• **Task goal**
Look through the lines below and extract each one that contains "surface".

[[ Data records, beginning ]]

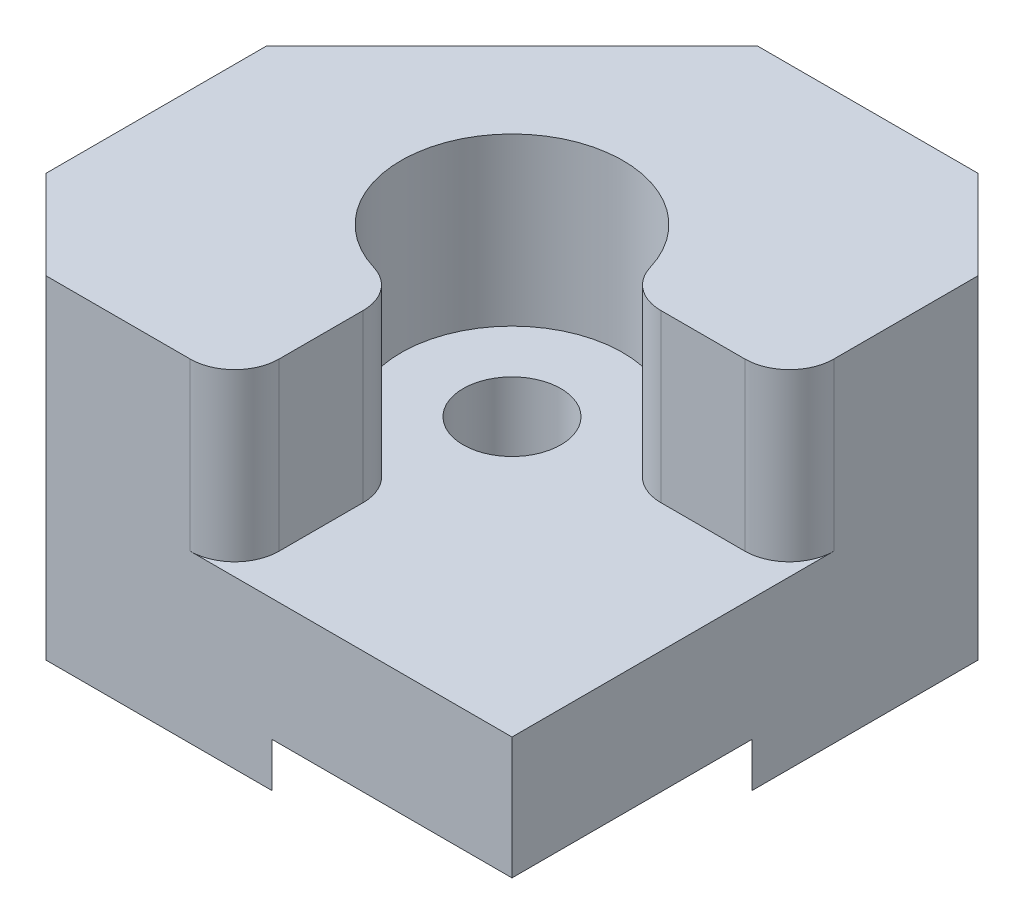
SolidWorks part; units mm, degrees
ref_plane "Front Plane" through (0, 0, 0) normal (0, 0, 1) x (1, 0, 0)
ref_plane "Top Plane" through (0, 0, 0) normal (0, 1, 0) x (1, 0, 0)
ref_plane "Right Plane" through (0, 0, 0) normal (1, 0, 0) x (0, 0, -1)
sketch "ｽｹｯﾁ1" plane through (0, 0, 0) normal (0, 1, 0) x (1, 0, 0)
  line L1 (-12.5, 12.5) -> (12.5, 12.5)
  line L2 (-12.5, 12.5) -> (-12.5, -12.5)
  line L3 (-12.5, -12.5) -> (12.5, -12.5)
  line L4 (12.5, 12.5) -> (12.5, -12.5)
  line L5 (0, -12.5) -> (0, 12.5) construction
  line L6 (-12.5, 0) -> (12.5, 0) construction
  point P0 (0, 0)
  dimension "D1" = 25
extrude "ﾎﾞｽ - 押し出し1" add sketch "ｽｹｯﾁ1" along normal mid plane 15
sketch "ｽｹｯﾁ2" plane through (0, 7.5, 0) normal (0, 1, 0) x (1, 0, 0)
  line L2 (12.5, -12.5) -> (12.5, 12.5) construction
  line L3 (12.5, 0) -> (5, 0)
  line L4 (0, -5) -> (0, -12.5)
  line L5 (-12.5, -12.5) -> (12.5, -12.5) construction
  line L8 (0, -12.5) -> (12.5, -12.5)
  line L9 (12.5, -12.5) -> (12.5, 0)
  arc A1 (5, 0) -> (0, -5) centre (0, 0) ccw
  dimension "D1" = 5
extrude "ｶｯﾄ - 押し出し3" cut sketch "ｽｹｯﾁ2" against normal up to surface (7.5 mm away) up to plane "Top Plane"
sketch "ｽｹｯﾁ4" plane through (0, 0, 0) normal (0, 1, 0) x (1, 0, 0)
  circle A0 centre (0, 0) radius 2.2
  dimension "D1" = 4.4
extrude "ｶｯﾄ - 押し出し4" cut sketch "ｽｹｯﾁ4" against normal through all
sketch "ｽｹｯﾁ5" plane through (0, -7.5, 0) normal (0, -1, 0) x (1, 0, 0)
  line L0 (-12.5, -1.6813) -> (1.6813, 12.5)
  line L1 (-12.5, -12.5) -> (-12.5, 12.5) construction
  line L2 (-12.5, 12.5) -> (12.5, 12.5) construction
  line L3 (1.6813, 12.5) -> (12.5, 12.5)
  line L4 (12.5, 12.5) -> (12.5, 1.6813)
  line L5 (12.5, 12.5) -> (12.5, -12.5) construction
  line L6 (12.5, 1.6813) -> (-1.6813, -12.5)
  line L7 (12.5, -12.5) -> (-12.5, -12.5) construction
  line L8 (-1.6813, -12.5) -> (-12.5, -12.5)
  line L9 (-12.5, -12.5) -> (-12.5, -1.6813)
  line L10 (-5.4094, 5.4094) -> (5.4094, -5.4094) construction
  point P20 (0, 0)
  dimension "D1" = 15.3
extrude "ｶｯﾄ - 押し出し5" cut sketch "ｽｹｯﾁ5" against normal blind 2
sketch "ｽｹｯﾁ6" [suppressed] plane through (0, 7.5, 0) normal (0, 1, 0) x (1, 0, 0)
  line L0 (0, 0) -> (-3.5355, 3.5355) construction
  line L1 (12.5, -12.5) -> (0, -12.5)
  line L2 (12.5, -12.5) -> (12.5, 0)
  line L3 (12.5, 0) -> (0, 0)
  line L4 (0, -12.5) -> (0, 0)
  circle A0 centre (-3.5355, 3.5355) radius 3.7
  circle A1 centre (0, 0) radius 0.5
  dimension "D2" = 7.4
  dimension "D4" = 1
  dimension "D1" = 45
  dimension "D3" = 5
extrude "ｶｯﾄ - 押し出し6" [suppressed] cut sketch "ｽｹｯﾁ6" against normal up to surface (7.5 mm away)
sketch "ｽｹｯﾁ7" [suppressed] plane through (0, 0, 0) normal (0, 1, 0) x (1, 0, 0)
  circle A0 centre (-3.5355, 3.5355) radius 2.25
  dimension "D1" = 4.5
extrude "ｶｯﾄ - 押し出し7" [suppressed] cut sketch "ｽｹｯﾁ7" against normal through all
chamfer "面取り1" distance 4 angle 45 3 edges at (12.5, 0, -12.5) (-12.5, 1, -12.5) (-12.5, 0, 12.5)
chamfer "面取り2" distance 5 angle 45 1 edges at (-10.5, 7.5, -10.5)
fillet "ﾌｨﾚｯﾄ2" [suppressed] radius 2
fillet "ﾌｨﾚｯﾄ3" radius 2 4 edges at (12.5, 3.75, 0) (0, 3.75, 12.5) (0, 3.75, 5) (5, 3.75, 0)
sketch "ｽｹｯﾁ8" [suppressed] plane through (0, 0, 0) normal (0, 1, 0) x (1, 0, 0)
  line L4 (0, -1.5) -> (0, -10.5)
  line L5 (-2, -12.5) -> (12.5, -12.5)
  line L6 (12.5, -12.5) -> (12.5, 2)
  line L7 (10.5, 0) -> (1.5, 0)
  line L8 (0, -1.5) -> (0, -10.5)
  line L9 (-2, -12.5) -> (12.5, -12.5)
  line L10 (12.5, -12.5) -> (12.5, 2)
  line L11 (10.5, 0) -> (1.5, 0)
  arc A5 (0.3, 0.4) -> (-0.4, -0.3) centre (0, 0) ccw
  arc A6 (0, -1.5) -> (-0.4, -0.3) centre (-2, -1.5) ccw
  arc A7 (-2, -12.5) -> (0, -10.5) centre (-2, -10.5) ccw
  arc A8 (10.5, 0) -> (12.5, 2) centre (10.5, 2) ccw
  arc A9 (0.3, 0.4) -> (1.5, 0) centre (1.5, 2) ccw
  arc A10 (0.3, 0.4) -> (-0.4, -0.3) centre (0, 0) ccw
  arc A11 (0, -1.5) -> (-0.4, -0.3) centre (-2, -1.5) ccw
  arc A12 (-2, -12.5) -> (0, -10.5) centre (-2, -10.5) ccw
  arc A13 (10.5, 0) -> (12.5, 2) centre (10.5, 2) ccw
  arc A14 (0.3, 0.4) -> (1.5, 0) centre (1.5, 2) ccw
  dimension "D1" = 0
extrude "ﾎﾞｽ - 押し出し2" [suppressed] add sketch "ｽｹｯﾁ8" along normal up to surface (5.5 mm away) from offset 2

[[ Data records, end ]]

• **Result of the exercise**
extrude "ｶｯﾄ - 押し出し3" cut sketch "ｽｹｯﾁ2" against normal up to surface (7.5 mm away) up to plane "Top Plane"
extrude "ｶｯﾄ - 押し出し6" [suppressed] cut sketch "ｽｹｯﾁ6" against normal up to surface (7.5 mm away)
extrude "ﾎﾞｽ - 押し出し2" [suppressed] add sketch "ｽｹｯﾁ8" along normal up to surface (5.5 mm away) from offset 2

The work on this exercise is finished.